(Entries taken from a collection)
==================================================

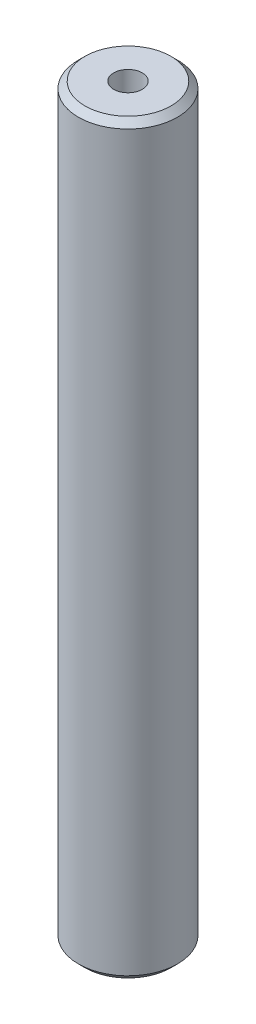
ISO-10303-21;
HEADER;
FILE_DESCRIPTION(('STEP AP214'),'2;1');
FILE_NAME('part.step','',(''),(''),'','','');
FILE_SCHEMA(('AUTOMOTIVE_DESIGN { 1 0 10303 214 1 1 1 1 }'));
ENDSEC;
DATA;
#1=APPLICATION_CONTEXT('core data for automotive mechanical design processes');
#2=APPLICATION_PROTOCOL_DEFINITION('international standard','automotive_design',2000,#1);
#3=PRODUCT_CONTEXT('',#1,'mechanical');
#4=PRODUCT('Part','Part','',(#3));
#5=PRODUCT_RELATED_PRODUCT_CATEGORY('part','',(#4));
#6=PRODUCT_DEFINITION_FORMATION('','',#4);
#7=PRODUCT_DEFINITION_CONTEXT('part definition',#1,'design');
#8=PRODUCT_DEFINITION('design','',#6,#7);
#9=PRODUCT_DEFINITION_SHAPE('','',#8);
#10=(LENGTH_UNIT() NAMED_UNIT(*) SI_UNIT(.MILLI.,.METRE.));
#11=(NAMED_UNIT(*) PLANE_ANGLE_UNIT() SI_UNIT($,.RADIAN.));
#12=(NAMED_UNIT(*) SI_UNIT($,.STERADIAN.) SOLID_ANGLE_UNIT());
#13=UNCERTAINTY_MEASURE_WITH_UNIT(LENGTH_MEASURE(1.E-05),#10,'distance_accuracy_value','');
#14=(GEOMETRIC_REPRESENTATION_CONTEXT(3) GLOBAL_UNCERTAINTY_ASSIGNED_CONTEXT((#13)) GLOBAL_UNIT_ASSIGNED_CONTEXT((#10,
#11,#12)) REPRESENTATION_CONTEXT('',''));
#15=CARTESIAN_POINT('',(0.,0.,0.));
#16=DIRECTION('',(0.,0.,1.));
#17=DIRECTION('',(1.,0.,0.));
#18=AXIS2_PLACEMENT_3D('',#15,#16,#17);
#19=CARTESIAN_POINT('',(0.,452.085628987762,0.));
#20=DIRECTION('',(0.,-1.,0.));
#21=DIRECTION('',(0.,0.,-1.));
#22=AXIS2_PLACEMENT_3D('',#19,#20,#21);
#23=CYLINDRICAL_SURFACE('',#22,30.);
#24=CARTESIAN_POINT('',(0.,448.13625789463,0.));
#25=DIRECTION('',(0.,1.,0.));
#26=DIRECTION('',(0.,0.,1.));
#27=AXIS2_PLACEMENT_3D('',#24,#25,#26);
#28=CIRCLE('',#27,30.);
#29=CARTESIAN_POINT('',(0.,448.13625789463,30.));
#30=VERTEX_POINT('',#29);
#31=EDGE_CURVE('E50',#30,#30,#28,.F.);
#32=ORIENTED_EDGE('',*,*,#31,.T.);
#33=EDGE_LOOP('',(#32));
#34=FACE_BOUND('',#33,.T.);
#35=CARTESIAN_POINT('',(0.,3.94937109313231,0.));
#36=DIRECTION('',(0.,1.,0.));
#37=DIRECTION('',(0.,0.,1.));
#38=AXIS2_PLACEMENT_3D('',#35,#36,#37);
#39=CIRCLE('',#38,30.);
#40=CARTESIAN_POINT('',(0.,3.94937109313231,30.));
#41=VERTEX_POINT('',#40);
#42=EDGE_CURVE('E51',#41,#41,#39,.T.);
#43=ORIENTED_EDGE('',*,*,#42,.T.);
#44=EDGE_LOOP('',(#43));
#45=FACE_BOUND('',#44,.T.);
#46=ADVANCED_FACE('F39',(#34,#45),#23,.T.);
#47=CARTESIAN_POINT('',(0.,452.085628987762,0.));
#48=DIRECTION('',(0.,1.,0.));
#49=DIRECTION('',(0.,0.,1.));
#50=AXIS2_PLACEMENT_3D('',#47,#48,#49);
#51=PLANE('',#50);
#52=CARTESIAN_POINT('',(0.,452.085628987762,0.));
#53=DIRECTION('',(0.,1.,0.));
#54=DIRECTION('',(0.,0.,1.));
#55=AXIS2_PLACEMENT_3D('',#52,#53,#54);
#56=CIRCLE('',#55,26.0506289068677);
#57=CARTESIAN_POINT('',(0.,452.085628987762,26.0506289068677));
#58=VERTEX_POINT('',#57);
#59=EDGE_CURVE('E54',#58,#58,#56,.T.);
#60=ORIENTED_EDGE('',*,*,#59,.T.);
#61=EDGE_LOOP('',(#60));
#62=FACE_BOUND('',#61,.T.);
#63=CARTESIAN_POINT('',(0.,452.085628987762,0.));
#64=DIRECTION('',(0.,1.,0.));
#65=DIRECTION('',(0.,0.,1.));
#66=AXIS2_PLACEMENT_3D('',#63,#64,#65);
#67=CIRCLE('',#66,8.66669355150689);
#68=CARTESIAN_POINT('',(0.,452.085628987762,8.66669355150689));
#69=VERTEX_POINT('',#68);
#70=EDGE_CURVE('E58',#69,#69,#67,.T.);
#71=ORIENTED_EDGE('',*,*,#70,.F.);
#72=EDGE_LOOP('',(#71));
#73=FACE_BOUND('',#72,.T.);
#74=ADVANCED_FACE('F69',(#62,#73),#51,.T.);
#75=CARTESIAN_POINT('',(0.,0.,0.));
#76=DIRECTION('',(0.,1.,0.));
#77=DIRECTION('',(0.,0.,1.));
#78=AXIS2_PLACEMENT_3D('',#75,#76,#77);
#79=PLANE('',#78);
#80=CARTESIAN_POINT('',(0.,0.,0.));
#81=DIRECTION('',(0.,1.,0.));
#82=DIRECTION('',(0.,0.,1.));
#83=AXIS2_PLACEMENT_3D('',#80,#81,#82);
#84=CIRCLE('',#83,26.0506289068677);
#85=CARTESIAN_POINT('',(0.,0.,26.0506289068677));
#86=VERTEX_POINT('',#85);
#87=EDGE_CURVE('E10',#86,#86,#84,.F.);
#88=ORIENTED_EDGE('',*,*,#87,.T.);
#89=EDGE_LOOP('',(#88));
#90=FACE_BOUND('',#89,.T.);
#91=CARTESIAN_POINT('',(0.,0.,0.));
#92=DIRECTION('',(0.,1.,0.));
#93=DIRECTION('',(0.,0.,1.));
#94=AXIS2_PLACEMENT_3D('',#91,#92,#93);
#95=CIRCLE('',#94,8.66669355150689);
#96=CARTESIAN_POINT('',(0.,0.,8.66669355150689));
#97=VERTEX_POINT('',#96);
#98=EDGE_CURVE('E63',#97,#97,#95,.T.);
#99=ORIENTED_EDGE('',*,*,#98,.T.);
#100=EDGE_LOOP('',(#99));
#101=FACE_BOUND('',#100,.T.);
#102=ADVANCED_FACE('F75',(#90,#101),#79,.F.);
#103=CARTESIAN_POINT('',(0.,452.085628987762,0.));
#104=DIRECTION('',(0.,-1.,0.));
#105=DIRECTION('',(0.,0.,-1.));
#106=AXIS2_PLACEMENT_3D('',#103,#104,#105);
#107=CYLINDRICAL_SURFACE('',#106,8.66669355150689);
#108=ORIENTED_EDGE('',*,*,#70,.T.);
#109=EDGE_LOOP('',(#108));
#110=FACE_BOUND('',#109,.T.);
#111=ORIENTED_EDGE('',*,*,#98,.F.);
#112=EDGE_LOOP('',(#111));
#113=FACE_BOUND('',#112,.T.);
#114=ADVANCED_FACE('F70',(#110,#113),#107,.F.);
#115=CARTESIAN_POINT('',(0.,452.085628987762,0.));
#116=DIRECTION('',(0.,-1.,0.));
#117=DIRECTION('',(0.,0.,-1.));
#118=AXIS2_PLACEMENT_3D('',#115,#116,#117);
#119=CONICAL_SURFACE('',#118,26.0506289068677,0.785398163397452);
#120=ORIENTED_EDGE('',*,*,#31,.F.);
#121=EDGE_LOOP('',(#120));
#122=FACE_BOUND('',#121,.T.);
#123=ORIENTED_EDGE('',*,*,#59,.F.);
#124=EDGE_LOOP('',(#123));
#125=FACE_BOUND('',#124,.T.);
#126=ADVANCED_FACE('F81',(#122,#125),#119,.T.);
#127=CARTESIAN_POINT('',(0.,3.94937109313231,0.));
#128=DIRECTION('',(0.,1.,0.));
#129=DIRECTION('',(0.,0.,1.));
#130=AXIS2_PLACEMENT_3D('',#127,#128,#129);
#131=CONICAL_SURFACE('',#130,30.,0.785398163397445);
#132=ORIENTED_EDGE('',*,*,#87,.F.);
#133=EDGE_LOOP('',(#132));
#134=FACE_BOUND('',#133,.T.);
#135=ORIENTED_EDGE('',*,*,#42,.F.);
#136=EDGE_LOOP('',(#135));
#137=FACE_BOUND('',#136,.T.);
#138=ADVANCED_FACE('F45',(#134,#137),#131,.T.);
#139=CLOSED_SHELL('',(#46,#74,#102,#114,#126,#138));
#140=MANIFOLD_SOLID_BREP('B2',#139);
#141=ADVANCED_BREP_SHAPE_REPRESENTATION('',(#18,#140),#14);
#142=SHAPE_DEFINITION_REPRESENTATION(#9,#141);
ENDSEC;
END-ISO-10303-21;

==================================================

Work order —
Give back, word for word, only the lines above from the line holding "#104=DIRECTION('',(0.,-1.,0.));" to the line holding "#122=FACE_BOUND('',#121,.T.);", both included.

Expected answer —
#104=DIRECTION('',(0.,-1.,0.));
#105=DIRECTION('',(0.,0.,-1.));
#106=AXIS2_PLACEMENT_3D('',#103,#104,#105);
#107=CYLINDRICAL_SURFACE('',#106,8.66669355150689);
#108=ORIENTED_EDGE('',*,*,#70,.T.);
#109=EDGE_LOOP('',(#108));
#110=FACE_BOUND('',#109,.T.);
#111=ORIENTED_EDGE('',*,*,#98,.F.);
#112=EDGE_LOOP('',(#111));
#113=FACE_BOUND('',#112,.T.);
#114=ADVANCED_FACE('F70',(#110,#113),#107,.F.);
#115=CARTESIAN_POINT('',(0.,452.085628987762,0.));
#116=DIRECTION('',(0.,-1.,0.));
#117=DIRECTION('',(0.,0.,-1.));
#118=AXIS2_PLACEMENT_3D('',#115,#116,#117);
#119=CONICAL_SURFACE('',#118,26.0506289068677,0.785398163397452);
#120=ORIENTED_EDGE('',*,*,#31,.F.);
#121=EDGE_LOOP('',(#120));
#122=FACE_BOUND('',#121,.T.);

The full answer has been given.